Parallels is just a really handy tool that isn't available to windows users as accessibly(Or at all, IDK), which is why it's such a popular software to those of us that bootcamp OS's regularly.

Should look into it.


----------



## farlex85 (Jun 29, 2009)

Ravenas said:


> I realize parallels cost money, but Bootcamp is included in Apple's operating system and installs Windows natively, it's different than parallels and in my opinion the best option.



I would agree free for equivalent = better in my book. I'm not sure why there's still a market for parallels if that is the case.



Dippyskoodlez said:


> Parallels is just a really handy tool that isn't available to windows users as accessibly(Or at all, IDK), which is why it's such a popular software to those of us that bootcamp OS's regularly.
> 
> Should look into it.



What does it do that boot camp or Windows won't?


----------



## Dippyskoodlez (Jun 29, 2009)

farlex85 said:


> I would agree free for equivalent = better in my book. I'm not sure why there's still a market for parallels if that is the case.



Parallels and Vmware fusion provide basic Virtual machines on OS X like Vmware has done so in the past, but with some really nice features that aren't available for Windows.

i.e. Unity/Coherence, and Bootcamp support.

On my MBP I run OS X, and a Bootcamp Windows 7 right now. I can boot windows 7 up in Vmware, within OS X, and run programs (Even games! i.e. TF2), or reboot into Windows 7 directly ( The exact same install!)

unity and Coherence are just a big time bonus for doing homework in Visual studio and such  This can't really be explained easily without a screenshot: http://www.pcmech.com/wp-content/uploads/2007/11/vmware_unity.png

Unity makes Windows windows behave like OS X windows. Dock support, etc. It's extremely handy.


----------



## farlex85 (Jun 29, 2009)

Dippyskoodlez said:


> Parallels and Vmware fusion provide basic Virtual machines on OS X like Vmware has done so in the past, but with some really nice features that aren't available for Windows.
> 
> i.e. Unity/Coherence, and Bootcamp support.
> 
> ...



Ah I see so it'll do VM's. I myself have no need for VM's, I'd rather just do a full reboot. But that's neato I suppose.


----------



## Dippyskoodlez (Jun 29, 2009)

farlex85 said:


> Ah I see so it'll do VM's. I myself have no need for VM's, I'd rather just do a full reboot. But that's neato I suppose.
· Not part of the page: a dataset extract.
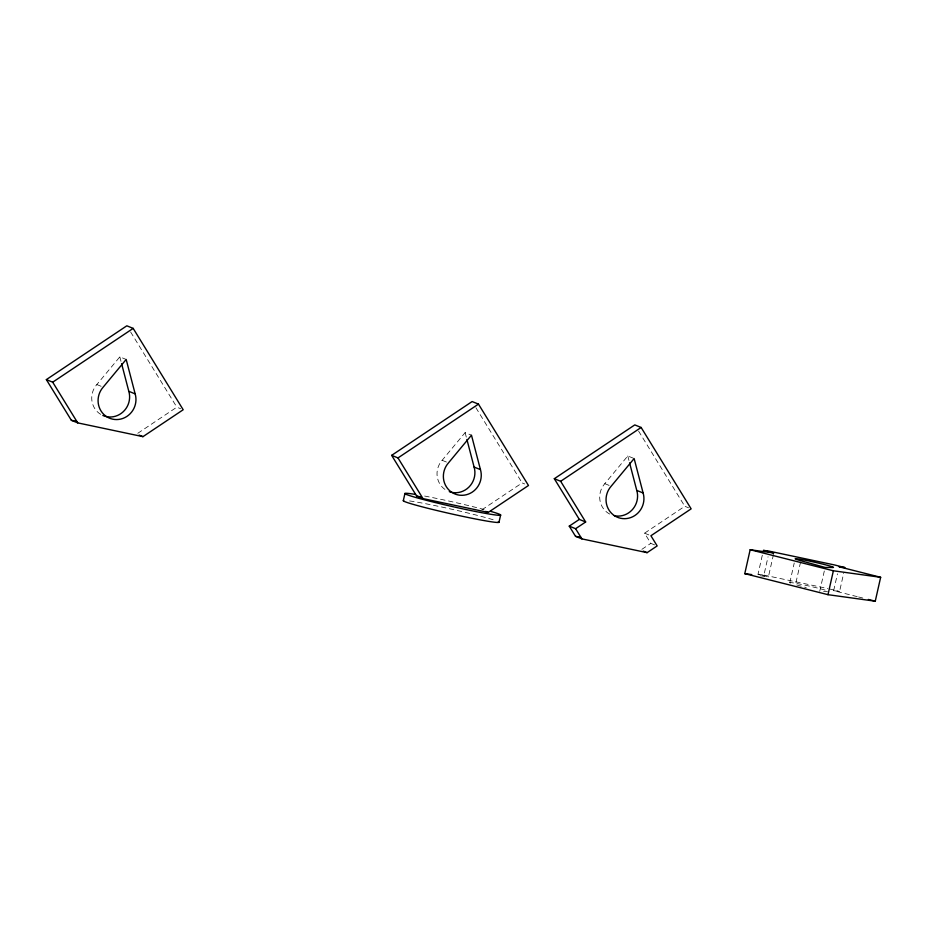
<?xml version="1.0" encoding="UTF-8"?>
<svg xmlns="http://www.w3.org/2000/svg" width="927" height="927" viewBox="0 0 927 927"><rect width="100%" height="100%" fill="white"/><g stroke="black" fill="none" stroke-linecap="round" stroke-linejoin="round"><path stroke-width="0.7" stroke-dasharray="4.63 3.48" d="M773.489 554.404L768.413 576.895L758.019 574.265L763.083 551.774M758.019 574.265L763.929 575.076L768.043 556.803M789.792 582.677L794.23 563.002M800.557 562.133L795.493 584.624L806.258 587.614M819.723 591.345L824.474 570.256M857.232 596.64L833.663 590.673L837.463 573.801M833.663 590.673L839.572 591.484L843.686 573.21M100.661 414.346A19.618 18.841 -68 0 1 96.837 384.566L119.826 356.872L126.176 359.444M444.925 489.41A19.618 18.841 -68 0 1 442.133 460.302L465.122 432.619L471.472 435.18M609.699 514.056A19.618 18.841 -68 0 1 604.81 483.662L627.788 455.968L634.138 458.541M137.787 433.291L176.837 407.173L180.649 408.714M481.889 509.827L522.133 482.921L524.67 483.952M654.624 544.902L650.812 543.361L644.566 533.187L684.798 506.281L688.61 507.822M641.878 549.34L650.812 543.361M823.593 591.356L827.452 591.38M760.07 575.748L768.413 576.895M763.929 575.076L827.788 588.564M829.167 588.854L839.572 591.484M858.622 596.988L862.782 598.042M604.81 483.662L611.16 486.235M644.566 533.187L649.642 535.238M442.133 460.302L448.483 462.874M96.837 384.566L103.198 387.127M638.576 431.067L684.798 506.281M475.91 407.718L522.133 482.921M130.614 331.97L176.837 407.173M627.788 455.968L629.224 461.484M465.122 432.619L466.559 438.123M119.826 356.872L121.263 362.376M790.476 583.083A19.618 0.927 12.7 0 1 803.848 584.914A19.618 0.927 12.7 0 1 827.382 590.87M409.56 500.939A49.05 2.306 12.7 0 1 452.399 509.375A49.05 2.306 12.7 0 1 493.929 520.012M424.636 496.049A49.05 2.306 12.7 0 1 484.079 509.537"/><path stroke-width="1.39" d="M403.326 500.638L404.937 493.477M498.993 522.272L500.603 515.111M744.775 573.639L750.163 549.734L773.802 552.99L763.408 550.36L769.317 551.183L834.555 564.96L844.961 567.591L839.051 566.779L880.65 577.301L875.262 601.194L827.985 594.682L744.775 573.639L751.727 574.589M827.985 594.682L833.373 570.789L880.65 577.301M46.35 379.618L126.825 325.806L133.175 328.378L183.187 409.746L142.955 436.652L77.706 422.874L71.356 420.302L46.35 379.618L52.7 382.191L77.706 422.874M52.7 382.191L133.175 328.378M391.646 455.366L472.121 401.553L478.471 404.114L528.483 485.493L488.239 512.399L423.002 498.622L416.652 496.049L391.646 455.366L397.996 457.926L423.002 498.622M397.996 457.926L478.471 404.114M579.317 519.41L554.311 478.714L634.786 424.902L641.136 427.474L691.148 508.853L650.916 535.748L657.162 545.922L647.104 552.654L581.866 538.877L575.516 536.304L569.259 526.13L579.317 519.41L585.667 521.971L575.609 528.703L569.259 526.13M554.311 478.714L560.661 481.287L641.136 427.474M71.356 420.302L76.906 421.472M416.652 496.049L420.812 496.93M575.516 536.304L581.067 537.475M750.163 549.734L833.373 570.789M868.332 599.445L875.262 601.194M629.584 462.863L636.768 490.418L643.118 492.979A19.618 18.841 -68 0 1 620.673 518.286A19.618 18.841 -68 0 1 611.16 486.235L634.138 458.541L643.118 492.979M466.918 439.502L474.103 467.057L480.453 469.63A19.618 18.841 -68 0 1 458.008 494.925A19.618 18.841 -68 0 1 448.483 462.874L471.472 435.18L480.453 469.63M643.292 551.113L647.104 552.654M485.702 511.368L488.239 512.399M121.622 363.755L128.807 391.31L135.157 393.882A19.618 18.841 -68 0 1 112.712 419.178A19.618 18.841 -68 0 1 103.198 387.127L126.176 359.444L135.157 393.882M139.143 435.111L142.955 436.652M560.661 481.287L585.667 521.971M575.609 528.703L581.866 538.877M498.309 521.658A49.05 2.306 12.7 0 1 452.272 514.079A49.05 2.306 12.7 0 1 403.674 500.487M490.534 511.322A49.05 2.306 12.7 0 1 484.96 513.28A49.05 2.306 12.7 0 1 419.919 498.622A49.05 2.306 12.7 0 1 415.574 494.439M636.768 490.418A19.618 18.841 -68 0 1 614.323 515.713M128.807 391.31A19.618 18.841 -68 0 1 123.164 411.797A19.618 18.841 -68 0 1 102.839 415.481M474.103 467.057A19.618 18.841 -68 0 1 468.911 487.104A19.618 18.841 -68 0 1 449.282 491.681M832.84 567.486L825.111 567.44L800.87 560.731A19.618 0.927 12.7 0 1 809.236 561.02A19.618 0.927 12.7 0 1 832.84 567.486"/></g></svg>

This allows you to run your bootcamp partition in a "VM" with 3d support so you get the best of both worlds.


----------



## farlex85 (Jun 29, 2009)

Dippyskoodlez said:


> This allows you to run your bootcamp partition in a "VM" with 3d support so you get the best of both worlds.



What do you mean 3D support? And generally running an OS in a VM is going to cripple it a bit, but it depends on what your doing whether that matters. For me if you're going to spend so much money on a mac why would you then turn around and spend money on Windows.


----------



## Ravenas (Jun 29, 2009)

farlex85 said:


> What do you need more power for? Gaming or school work? But which one cost you more? I love Mac OS X I really do, I just hate Mac (I'm a big bang/buck kind of guy).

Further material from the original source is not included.